You've just heard back from a job you applied for and scheduled an interview.  You have no idea how many candidates there are for the position or how many they are interviewing, but you want to make sure you stand out as the best candidate. There are many things you can do, and things you shouldn't do that will make you stand out.

How Do You Prepare For Possible Responses To Questions?

When you are preparing for an interview, try to think of questions that they may ask you. Things like, what are your strengths, what are your weaknesses, give an example of how you displayed teamwork, etc. In a professional binder, write down some notes of things you may want to use during the interview. Make a list of your strengths to highlight and then a list of your weaknesses along with what you are doing to improve them. Think back to your experiences that are applicable to the position you are applying for, and write some notes down about the examples you can use that may be applicable during the interview. It's okay during the interview to leave this open in front of you to either take notes during the interview or glance down at your notes in case your nerves get the best of you and you suddenly can't remember your examples.

How Do You Practice Potential Responses?

Practice your potential responses ahead of time. You can do this by standing in front of the mirror and rehearsing the examples you've thought of ahead of time. You may also choose to ask someone to do a mock interview with you. This will help calm your nerves on the day of the interview and allow your answers to be more polished.

How Do You Dress to Impress?

Dress in business professional attire. This means that all cleavage and cracks should be appropriately covered. You should be well groomed with no heavy perfumes or cologne. If you choose to wear make-up, it should be light and not excessive. Some jewelry is okay, but nothing that is too big and distracting.
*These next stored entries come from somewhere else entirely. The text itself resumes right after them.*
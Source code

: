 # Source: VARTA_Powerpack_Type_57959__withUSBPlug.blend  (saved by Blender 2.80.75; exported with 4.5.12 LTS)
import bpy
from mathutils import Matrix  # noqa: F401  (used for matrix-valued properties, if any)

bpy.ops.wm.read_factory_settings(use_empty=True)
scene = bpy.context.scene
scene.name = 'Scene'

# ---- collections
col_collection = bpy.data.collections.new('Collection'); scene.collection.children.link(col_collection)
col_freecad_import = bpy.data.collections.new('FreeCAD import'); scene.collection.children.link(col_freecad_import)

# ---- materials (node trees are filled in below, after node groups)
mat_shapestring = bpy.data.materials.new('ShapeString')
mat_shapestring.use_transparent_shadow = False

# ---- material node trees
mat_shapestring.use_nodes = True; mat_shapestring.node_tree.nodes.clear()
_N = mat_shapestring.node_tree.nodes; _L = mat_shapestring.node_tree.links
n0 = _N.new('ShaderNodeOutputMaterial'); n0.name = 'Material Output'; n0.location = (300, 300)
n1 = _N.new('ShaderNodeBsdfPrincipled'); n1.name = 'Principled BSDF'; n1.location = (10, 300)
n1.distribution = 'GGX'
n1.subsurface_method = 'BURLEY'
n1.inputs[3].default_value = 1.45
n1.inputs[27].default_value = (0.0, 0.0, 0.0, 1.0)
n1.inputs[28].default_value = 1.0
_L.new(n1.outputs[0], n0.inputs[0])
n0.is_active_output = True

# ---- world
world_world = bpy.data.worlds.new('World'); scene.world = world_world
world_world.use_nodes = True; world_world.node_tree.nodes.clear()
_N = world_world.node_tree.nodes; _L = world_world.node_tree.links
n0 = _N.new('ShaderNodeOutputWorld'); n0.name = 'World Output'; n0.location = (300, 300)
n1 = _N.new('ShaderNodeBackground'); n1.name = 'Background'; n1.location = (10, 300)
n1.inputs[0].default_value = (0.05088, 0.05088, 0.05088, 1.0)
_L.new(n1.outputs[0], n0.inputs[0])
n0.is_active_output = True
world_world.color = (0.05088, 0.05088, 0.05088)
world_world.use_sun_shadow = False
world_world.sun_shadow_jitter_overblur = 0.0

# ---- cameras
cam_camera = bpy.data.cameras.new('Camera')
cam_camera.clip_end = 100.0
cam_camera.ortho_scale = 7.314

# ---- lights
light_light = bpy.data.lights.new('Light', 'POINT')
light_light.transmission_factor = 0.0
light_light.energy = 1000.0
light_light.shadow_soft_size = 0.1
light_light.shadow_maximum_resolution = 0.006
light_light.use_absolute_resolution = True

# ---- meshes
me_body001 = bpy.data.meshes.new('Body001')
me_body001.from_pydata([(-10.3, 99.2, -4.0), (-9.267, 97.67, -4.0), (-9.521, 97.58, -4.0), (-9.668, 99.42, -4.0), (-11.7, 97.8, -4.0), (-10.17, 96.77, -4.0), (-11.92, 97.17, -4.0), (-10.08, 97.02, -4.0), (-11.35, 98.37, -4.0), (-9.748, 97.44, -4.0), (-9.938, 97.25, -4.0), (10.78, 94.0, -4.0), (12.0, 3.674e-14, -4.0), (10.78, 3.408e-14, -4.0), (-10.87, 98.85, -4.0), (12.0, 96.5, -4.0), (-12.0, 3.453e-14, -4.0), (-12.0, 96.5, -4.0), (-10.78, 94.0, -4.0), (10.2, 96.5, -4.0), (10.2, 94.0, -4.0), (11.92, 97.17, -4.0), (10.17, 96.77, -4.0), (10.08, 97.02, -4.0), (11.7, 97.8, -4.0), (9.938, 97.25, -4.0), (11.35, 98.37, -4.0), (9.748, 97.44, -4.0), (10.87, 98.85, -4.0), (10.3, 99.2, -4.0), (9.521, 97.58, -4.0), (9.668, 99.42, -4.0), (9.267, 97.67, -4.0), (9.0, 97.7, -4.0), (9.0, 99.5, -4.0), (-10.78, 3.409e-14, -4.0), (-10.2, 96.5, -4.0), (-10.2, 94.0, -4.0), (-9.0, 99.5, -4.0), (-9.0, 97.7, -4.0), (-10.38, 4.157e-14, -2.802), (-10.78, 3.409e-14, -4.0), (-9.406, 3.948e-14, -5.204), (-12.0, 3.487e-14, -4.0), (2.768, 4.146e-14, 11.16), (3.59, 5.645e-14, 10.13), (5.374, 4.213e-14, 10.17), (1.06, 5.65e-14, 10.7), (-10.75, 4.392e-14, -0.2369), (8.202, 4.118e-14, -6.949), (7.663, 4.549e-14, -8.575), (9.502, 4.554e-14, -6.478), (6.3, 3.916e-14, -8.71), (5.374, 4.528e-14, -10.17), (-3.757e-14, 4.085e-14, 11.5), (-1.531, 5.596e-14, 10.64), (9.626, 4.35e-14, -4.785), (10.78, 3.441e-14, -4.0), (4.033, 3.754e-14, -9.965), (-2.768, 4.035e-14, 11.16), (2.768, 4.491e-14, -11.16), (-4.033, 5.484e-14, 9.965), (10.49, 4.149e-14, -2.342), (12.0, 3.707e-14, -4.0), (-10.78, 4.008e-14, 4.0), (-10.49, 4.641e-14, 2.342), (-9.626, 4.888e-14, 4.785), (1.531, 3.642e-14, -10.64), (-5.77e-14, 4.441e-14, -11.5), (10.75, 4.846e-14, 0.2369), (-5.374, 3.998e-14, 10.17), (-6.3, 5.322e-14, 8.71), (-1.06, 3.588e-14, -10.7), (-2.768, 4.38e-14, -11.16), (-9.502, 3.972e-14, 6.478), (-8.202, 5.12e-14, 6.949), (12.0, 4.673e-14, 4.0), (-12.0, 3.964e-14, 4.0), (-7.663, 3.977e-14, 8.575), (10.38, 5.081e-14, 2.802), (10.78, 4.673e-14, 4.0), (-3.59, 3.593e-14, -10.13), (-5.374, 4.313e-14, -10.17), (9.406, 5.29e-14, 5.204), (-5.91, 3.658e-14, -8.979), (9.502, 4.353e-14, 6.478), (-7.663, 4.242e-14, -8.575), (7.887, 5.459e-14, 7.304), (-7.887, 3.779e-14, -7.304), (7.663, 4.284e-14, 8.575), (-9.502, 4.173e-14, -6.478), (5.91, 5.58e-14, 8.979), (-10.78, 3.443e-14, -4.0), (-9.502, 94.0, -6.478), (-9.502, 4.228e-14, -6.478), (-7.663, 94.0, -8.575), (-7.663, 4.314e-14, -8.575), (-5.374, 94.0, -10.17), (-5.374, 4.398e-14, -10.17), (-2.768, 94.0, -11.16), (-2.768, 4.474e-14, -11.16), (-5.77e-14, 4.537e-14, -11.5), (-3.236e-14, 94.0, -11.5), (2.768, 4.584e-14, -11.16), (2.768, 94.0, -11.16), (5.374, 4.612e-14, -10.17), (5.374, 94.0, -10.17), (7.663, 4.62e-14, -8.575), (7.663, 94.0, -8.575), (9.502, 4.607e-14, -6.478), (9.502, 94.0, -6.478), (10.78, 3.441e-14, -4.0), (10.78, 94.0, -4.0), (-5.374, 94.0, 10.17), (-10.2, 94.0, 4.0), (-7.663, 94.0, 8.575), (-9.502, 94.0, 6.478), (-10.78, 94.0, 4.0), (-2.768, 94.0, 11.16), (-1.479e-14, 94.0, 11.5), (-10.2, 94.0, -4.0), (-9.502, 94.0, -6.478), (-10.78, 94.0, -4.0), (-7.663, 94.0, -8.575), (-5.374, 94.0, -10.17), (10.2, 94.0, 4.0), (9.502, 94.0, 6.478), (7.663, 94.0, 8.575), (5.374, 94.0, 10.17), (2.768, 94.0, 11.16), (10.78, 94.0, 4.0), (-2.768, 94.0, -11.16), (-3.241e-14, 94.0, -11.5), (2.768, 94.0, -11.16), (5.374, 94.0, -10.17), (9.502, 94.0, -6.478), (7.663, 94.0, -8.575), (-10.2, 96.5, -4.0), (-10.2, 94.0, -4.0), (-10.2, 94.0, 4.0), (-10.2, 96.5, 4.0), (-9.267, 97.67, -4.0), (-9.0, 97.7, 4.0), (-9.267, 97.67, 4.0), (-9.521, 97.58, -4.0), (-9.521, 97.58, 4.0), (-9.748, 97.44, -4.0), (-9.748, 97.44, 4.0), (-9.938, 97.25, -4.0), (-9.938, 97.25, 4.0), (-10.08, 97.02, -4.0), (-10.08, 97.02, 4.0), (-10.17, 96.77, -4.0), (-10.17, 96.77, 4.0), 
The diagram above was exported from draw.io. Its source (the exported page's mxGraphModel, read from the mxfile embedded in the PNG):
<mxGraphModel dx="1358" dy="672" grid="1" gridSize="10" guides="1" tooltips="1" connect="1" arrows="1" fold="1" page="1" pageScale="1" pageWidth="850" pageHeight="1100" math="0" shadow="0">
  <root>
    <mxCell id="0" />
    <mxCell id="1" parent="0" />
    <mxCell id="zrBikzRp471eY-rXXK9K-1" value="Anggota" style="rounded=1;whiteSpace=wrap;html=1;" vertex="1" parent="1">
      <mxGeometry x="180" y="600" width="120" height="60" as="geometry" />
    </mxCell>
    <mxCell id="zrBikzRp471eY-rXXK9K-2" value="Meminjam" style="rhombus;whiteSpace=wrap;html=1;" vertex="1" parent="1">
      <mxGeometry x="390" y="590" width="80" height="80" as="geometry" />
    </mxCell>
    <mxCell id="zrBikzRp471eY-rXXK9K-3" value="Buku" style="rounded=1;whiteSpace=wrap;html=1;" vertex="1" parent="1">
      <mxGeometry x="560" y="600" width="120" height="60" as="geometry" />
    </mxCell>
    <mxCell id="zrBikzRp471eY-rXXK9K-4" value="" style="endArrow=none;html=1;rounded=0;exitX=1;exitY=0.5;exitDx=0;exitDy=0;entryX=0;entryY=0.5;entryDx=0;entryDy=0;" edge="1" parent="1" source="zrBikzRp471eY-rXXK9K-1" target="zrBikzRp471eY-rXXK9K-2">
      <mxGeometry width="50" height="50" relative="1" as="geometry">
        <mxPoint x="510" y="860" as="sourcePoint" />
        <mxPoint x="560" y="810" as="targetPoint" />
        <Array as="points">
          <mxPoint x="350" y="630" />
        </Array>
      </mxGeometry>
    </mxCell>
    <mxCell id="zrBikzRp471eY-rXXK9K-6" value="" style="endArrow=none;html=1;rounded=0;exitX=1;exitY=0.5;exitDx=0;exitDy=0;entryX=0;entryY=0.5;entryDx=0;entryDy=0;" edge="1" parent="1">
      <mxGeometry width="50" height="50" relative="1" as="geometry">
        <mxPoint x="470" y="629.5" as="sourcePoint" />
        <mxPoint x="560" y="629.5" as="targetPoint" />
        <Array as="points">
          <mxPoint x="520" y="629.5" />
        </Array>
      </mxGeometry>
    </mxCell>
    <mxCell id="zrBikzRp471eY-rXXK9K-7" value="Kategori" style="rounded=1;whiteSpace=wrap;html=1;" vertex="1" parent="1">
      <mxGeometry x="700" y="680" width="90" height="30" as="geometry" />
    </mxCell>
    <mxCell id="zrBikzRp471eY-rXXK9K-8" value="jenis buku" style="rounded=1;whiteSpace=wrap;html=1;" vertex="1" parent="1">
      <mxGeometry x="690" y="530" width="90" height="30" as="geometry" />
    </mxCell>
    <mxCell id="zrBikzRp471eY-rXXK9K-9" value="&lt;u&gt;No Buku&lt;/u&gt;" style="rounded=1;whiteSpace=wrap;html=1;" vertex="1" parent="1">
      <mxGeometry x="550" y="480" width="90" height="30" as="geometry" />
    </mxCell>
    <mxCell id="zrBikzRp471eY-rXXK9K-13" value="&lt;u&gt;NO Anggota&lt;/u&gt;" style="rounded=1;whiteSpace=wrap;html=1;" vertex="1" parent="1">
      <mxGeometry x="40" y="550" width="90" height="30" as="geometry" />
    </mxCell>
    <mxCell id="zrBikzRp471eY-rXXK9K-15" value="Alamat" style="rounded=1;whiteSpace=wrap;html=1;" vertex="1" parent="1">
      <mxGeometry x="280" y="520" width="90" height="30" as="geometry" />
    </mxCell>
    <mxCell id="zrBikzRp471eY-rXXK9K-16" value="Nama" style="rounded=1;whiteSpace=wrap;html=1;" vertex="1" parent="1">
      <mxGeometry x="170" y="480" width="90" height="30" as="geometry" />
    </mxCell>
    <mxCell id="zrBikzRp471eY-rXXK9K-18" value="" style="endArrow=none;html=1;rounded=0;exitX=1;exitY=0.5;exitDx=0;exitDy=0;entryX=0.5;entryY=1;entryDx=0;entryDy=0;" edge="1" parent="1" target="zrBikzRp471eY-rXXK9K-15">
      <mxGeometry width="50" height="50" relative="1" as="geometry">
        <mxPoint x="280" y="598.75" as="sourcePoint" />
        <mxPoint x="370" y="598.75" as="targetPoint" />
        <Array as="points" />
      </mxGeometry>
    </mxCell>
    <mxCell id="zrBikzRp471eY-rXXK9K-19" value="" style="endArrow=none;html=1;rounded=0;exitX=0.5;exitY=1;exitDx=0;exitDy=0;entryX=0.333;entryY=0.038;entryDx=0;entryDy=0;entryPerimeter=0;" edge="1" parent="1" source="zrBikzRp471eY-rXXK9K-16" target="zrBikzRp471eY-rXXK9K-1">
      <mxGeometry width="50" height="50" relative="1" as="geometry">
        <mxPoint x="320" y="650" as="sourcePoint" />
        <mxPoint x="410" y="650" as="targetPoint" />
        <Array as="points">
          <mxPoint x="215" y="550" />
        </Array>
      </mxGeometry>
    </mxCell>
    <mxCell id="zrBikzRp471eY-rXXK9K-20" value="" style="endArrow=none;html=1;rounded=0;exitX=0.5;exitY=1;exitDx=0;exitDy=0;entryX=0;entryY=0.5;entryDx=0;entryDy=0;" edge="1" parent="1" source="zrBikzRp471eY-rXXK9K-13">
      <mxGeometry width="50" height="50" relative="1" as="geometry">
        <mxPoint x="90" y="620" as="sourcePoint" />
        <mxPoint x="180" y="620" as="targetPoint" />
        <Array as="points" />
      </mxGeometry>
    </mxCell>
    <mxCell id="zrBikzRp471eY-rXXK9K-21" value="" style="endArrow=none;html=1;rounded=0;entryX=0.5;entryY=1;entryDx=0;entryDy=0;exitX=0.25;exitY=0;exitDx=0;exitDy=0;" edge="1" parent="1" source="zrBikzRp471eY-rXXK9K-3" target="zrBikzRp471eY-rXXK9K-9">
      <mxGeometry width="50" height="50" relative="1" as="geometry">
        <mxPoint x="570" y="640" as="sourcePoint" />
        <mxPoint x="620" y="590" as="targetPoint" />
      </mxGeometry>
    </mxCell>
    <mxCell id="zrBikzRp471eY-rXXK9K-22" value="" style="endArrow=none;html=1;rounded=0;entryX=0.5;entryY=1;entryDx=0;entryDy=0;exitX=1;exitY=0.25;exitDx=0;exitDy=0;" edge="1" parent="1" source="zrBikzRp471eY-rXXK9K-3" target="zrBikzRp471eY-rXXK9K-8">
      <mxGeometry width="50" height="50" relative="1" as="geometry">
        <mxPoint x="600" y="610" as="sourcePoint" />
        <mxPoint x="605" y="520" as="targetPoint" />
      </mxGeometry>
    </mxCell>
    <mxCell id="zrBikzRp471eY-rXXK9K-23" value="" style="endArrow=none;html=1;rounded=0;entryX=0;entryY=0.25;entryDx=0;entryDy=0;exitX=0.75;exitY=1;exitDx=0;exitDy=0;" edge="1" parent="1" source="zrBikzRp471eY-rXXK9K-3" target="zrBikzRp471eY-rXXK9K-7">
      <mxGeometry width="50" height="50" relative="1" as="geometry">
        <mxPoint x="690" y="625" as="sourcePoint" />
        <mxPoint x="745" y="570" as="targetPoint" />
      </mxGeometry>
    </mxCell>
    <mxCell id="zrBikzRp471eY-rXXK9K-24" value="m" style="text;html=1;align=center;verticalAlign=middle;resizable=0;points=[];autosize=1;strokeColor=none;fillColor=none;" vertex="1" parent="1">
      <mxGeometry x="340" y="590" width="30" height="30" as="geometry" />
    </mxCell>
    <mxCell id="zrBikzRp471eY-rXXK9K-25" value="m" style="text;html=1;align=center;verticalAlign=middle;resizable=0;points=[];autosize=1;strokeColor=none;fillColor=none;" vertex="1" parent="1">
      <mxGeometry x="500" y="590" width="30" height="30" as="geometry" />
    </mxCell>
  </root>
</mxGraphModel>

You don't want to stand out because of how you look; you should stand out because of the well-prepared responses you give during the interview that show your experiences and hard work ethic make you the best person for the position.

How Do You Get To The Job Interview On Time?

It's always a good idea to drive to the location of the interview prior to the day of, especially if you aren't familiar with the area. Try to drive to the interview location during the same time of day you would be driving the day of your interview. This will help you determine if there is any heavy traffic that you need to consider leaving earlier for or if there is any construction that you need to be aware of. It is always better to be early than to be late. If you arrive late to an interview, the employer may not even interview you. Being late to the interview gives the impression that you will also be late for your shifts and are unreliable.

How Do You Prepare For Questions to Ask?

After they've asked you all of their questions, they will likely give you an opportunity to ask them questions. Make sure you prepare questions to ask them ahead of time instead of not asking them anything at all. This shows you are really interested in the position.

Some questions that you may consider asking:

  • What are some quality improvement initiatives that your team has been working on? OR What are the current goals of the unit/department?
  • What has the turnover been on this unit/department? (High turnover is a red flag, and if it is high, ask why people are leaving)
  • How do you onboard new employees?
  • What challenges has your unit/department been facing recently?
  • What's different from working here than anywhere else you've worked?
  •  What do you enjoy most about working here? (Ask each person to go around the room to answer this question)
  • What learning and development opportunities will I have in this role?
  • What have successful employees moved onto?
  • What are the next steps in the hiring process?

There are also questions that you should avoid asking in an interview. While it may be important for you to know what the starting salary is or how much vacation time you have, especially if you already have a trip planned, these are questions that you should wait to ask HR after you've received an offer. If you do have a trip or medical leave already planned, you can let your employer know after you've accepted the position so they can work out the logistics of that with you.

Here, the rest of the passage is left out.